この流れはまずい。いつぞやのホクキオに初めて足を踏み入れる時のことが思い出され、「おまえオリハラクオンだな! 確保ォ!」への流れが想像されてしまう。
だいたいにして、俺の身分証は偽造されたものだし、レヴィアは身分証なんてものを持っているのかも怪しい。俺の勘が正しければ、彼女は絶対身分証もってない。なんとかうまいこと対処しなくては!
「お、俺たちですか?」
絞り出すような声が出た。
「ああ。すみません、上からの命令でしてね。なんでも、オリハラクオンとかいう凶悪犯がこちらに逃げてきているかもしれないとかいうんですよぉ。ホクキオの貴族街に逃げた可能性が最も高いようですが、念のため、こちらでも検問を敷いているわけです」
「ななな、なるほどぉ、そうなんですねぇ……」
「間もなく、その男の似顔絵が届く予定なのですが、少々作成に手間取って遅れていましてね、本当なら通してはいけないんですが……もしや急ぎの用ですか?」
甲冑の男は、帽子をおさえるレヴィアのほうをちらちらと見ながら言った。
俺は答える。
「ええ、そう……ですね。
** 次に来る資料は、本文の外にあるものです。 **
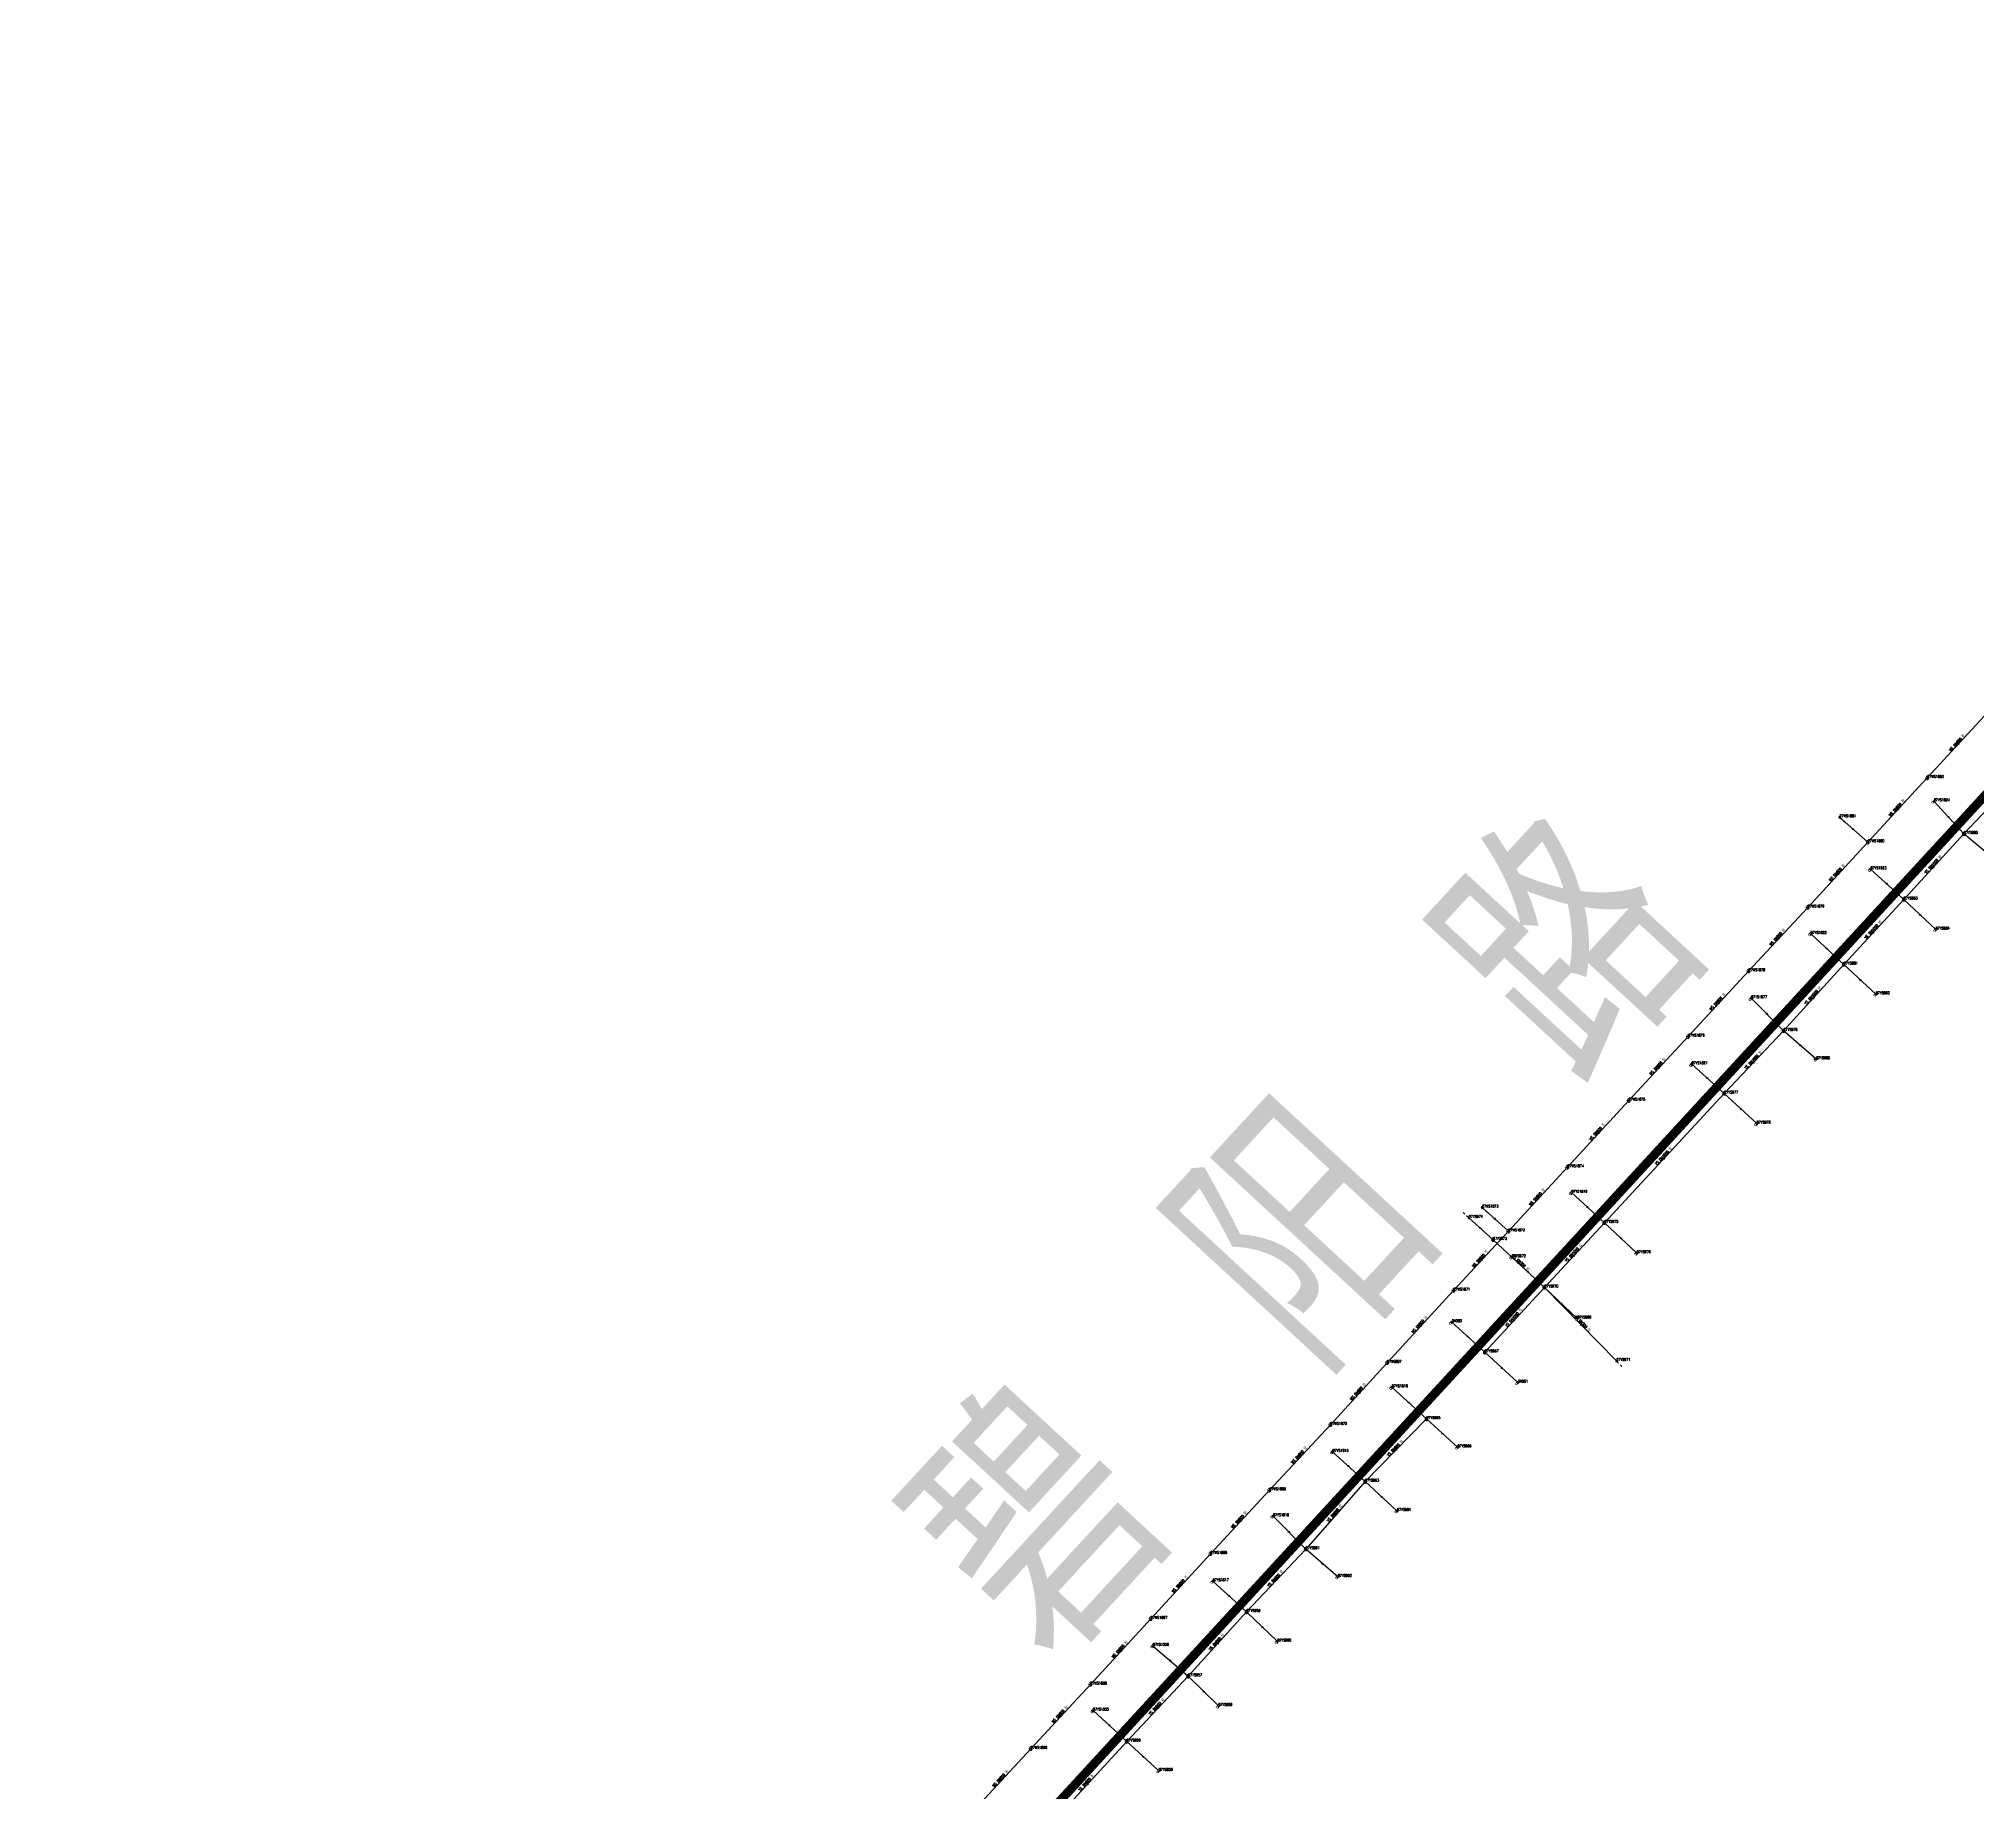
# Model space of a CAD drawing. Extents: x 78813 to 99477, y 2421021 to 2448125.
# Drawn here: x 84456 to 85116, y 2432813 to 2433409 of the extents above; entities that cross this region are included whole.
import ezdxf
from ezdxf.enums import TextEntityAlignment as Align

# ---------------------------------------------------------------- set-up
doc = ezdxf.new("R2010")
doc.units = 0
doc.set_wipeout_variables(frame=1)
doc.layers.get('0').update_dxf_attribs({"linetype": 'CONTINUOUS'})
for name, color, linetype in [('DX_WS', 16, 'CONTINUOUS'), ('DX_YS', 42, 'CONTINUOUS'), ('道路', 5, 'CONTINUOUS')]:
    doc.layers.add(name, color=color, linetype=linetype)
for name, color, linetype, true_color in [('WSLINE', 7, 'CONTINUOUS', 0x7f0000), ('YSANNEXE', 7, 'CONTINUOUS', 0xcc9900), ('YSLINE', 7, 'CONTINUOUS', 0xcc9900)]:
    doc.layers.add(name, color=color, linetype=linetype, true_color=true_color)
doc.layers.add('道路名称', color=7, linetype='CONTINUOUS', lineweight=0)
doc.styles.add('CcNameZT', font='txt.SHX', dxfattribs={"width": 0.8, "bigfont": 'HZTXT.SHX'})
doc.styles.get("Standard").update_dxf_attribs({"font": 'txt.shx', "bigfont": 'hztxt.shx'})
doc.styles.add('宋体0.7', font='', dxfattribs={"width": 0.7})
doc.styles.get('宋体0.7').set_extended_font_data('SimSun')

# ---------------------------------------------------------------- blocks, each defined once
blk = doc.blocks.new('PS污水井')
blk.add_lwpolyline([(1, 0), (1, 0.1), (1, 0.1), (1, 0.2), (1, 0.3), (0.9, 0.3), (0.9, 0.4), (0.9, 0.5), (0.8, 0.5), (0.8, 0.6), (0.8, 0.6), (0.7, 0.7), (0.7, 0.7), (0.6, 0.8), (0.6, 0.8), (0.5, 0.9), (0.4, 0.9), (0.4, 0.9), (0.3, 1), (0.2, 1), (0.2, 1), (0.1, 1), (0, 1), (0, 1), (-0.1, 1), (-0.2, 1), (-0.2, 1), (-0.3, 1), (-0.4, 0.9), (-0.4, 0.9), (-0.5, 0.9), (-0.6, 0.8), (-0.6, 0.8), (-0.7, 0.7), (-0.7, 0.7), (-0.8, 0.6), (-0.8, 0.6), (-0.8, 0.5), (-0.9, 0.5), (-0.9, 0.4), (-0.9, 0.3), (-1, 0.3), (-1, 0.2), (-1, 0.1), (-1, 0.1), (-1, 0), (-1, -0.1), (-1, -0.1), (-1, -0.2), (-1, -0.3), (-0.9, -0.3), (-0.9, -0.4), (-0.9, -0.5), (-0.8, -0.5), (-0.8, -0.6), (-0.8, -0.6), (-0.7, -0.7), (-0.7, -0.7), (-0.6, -0.8), (-0.6, -0.8), (-0.5, -0.9), (-0.4, -0.9), (-0.4, -0.9), (-0.3, -1), (-0.2, -1), (-0.2, -1), (-0.1, -1), (0, -1), (0, -1), (0.1, -1), (0.2, -1), (0.2, -1), (0.3, -1), (0.4, -0.9), (0.4, -0.9), (0.5, -0.9), (0.6, -0.8), (0.6, -0.8), (0.7, -0.7), (0.7, -0.7), (0.8, -0.6), (0.8, -0.6), (0.8, -0.5), (0.9, -0.5), (0.9, -0.4), (0.9, -0.3), (1, -0.3), (1, -0.2), (1, -0.1), (1, 0)], close=True)
blk.add_wipeout([(1, 0), (1, 0.1), (1, 0.1), (1, 0.2), (1, 0.3), (0.9, 0.3), (0.9, 0.4), (0.9, 0.5), (0.8, 0.5), (0.8, 0.6), (0.8, 0.6), (0.7, 0.7), (0.7, 0.7), (0.6, 0.8), (0.6, 0.8), (0.5, 0.9), (0.4, 0.9), (0.4, 0.9), (0.3, 1), (0.2, 1), (0.2, 1), (0.1, 1), (0, 1), (0, 1), (-0.1, 1), (-0.2, 1), (-0.2, 1), (-0.3, 1), (-0.4, 0.9), (-0.4, 0.9), (-0.5, 0.9), (-0.6, 0.8), (-0.6, 0.8), (-0.7, 0.7), (-0.7, 0.7), (-0.8, 0.6), (-0.8, 0.6), (-0.8, 0.5), (-0.9, 0.5), (-0.9, 0.4), (-0.9, 0.3), (-1, 0.3), (-1, 0.2), (-1, 0.1), (-1, 0.1), (-1, 0), (-1, -0.1), (-1, -0.1), (-1, -0.2), (-1, -0.3), (-0.9, -0.3), (-0.9, -0.4), (-0.9, -0.5), (-0.8, -0.5), (-0.8, -0.6), (-0.8, -0.6), (-0.7, -0.7), (-0.7, -0.7), (-0.6, -0.8), (-0.6, -0.8), (-0.5, -0.9), (-0.4, -0.9), (-0.4, -0.9), (-0.3, -1), (-0.2, -1), (-0.2, -1), (-0.1, -1), (0, -1), (0, -1), (0.1, -1), (0.2, -1), (0.2, -1), (0.3, -1), (0.4, -0.9), (0.4, -0.9), (0.5, -0.9), (0.6, -0.8), (0.6, -0.8), (0.7, -0.7), (0.7, -0.7), (0.8, -0.6), (0.8, -0.6), (0.8, -0.5), (0.9, -0.5), (0.9, -0.4), (0.9, -0.3), (1, -0.3), (1, -0.2), (1, -0.1)])
for p, q in [((-1, 0), (0, 0)), ((0, 1), (0, 0)), ((0, 0), (0, -1)), ((0, 0), (1, 0))]:
    blk.add_line(p, q)
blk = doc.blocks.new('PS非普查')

まあ」
「念のため、ご家来さまの身分証だけ確認させてもらっていいですか?」
「家来って、俺のことですか?」
「ええ。すみませんが、ご協力お願いします」
相変わらず兵士は、レヴィアの様子を、ちらちらとうかがってくる。
どうやらその高貴な白い帽子や龍が浮かび上がるドレスのおかげか、レヴィアのことを本物の貴族だと思い込んでくれたらしい。
俺は「じゃあ、コレを」と言ってドキドキしながらベスさんにもらった偽造身分証を提示する。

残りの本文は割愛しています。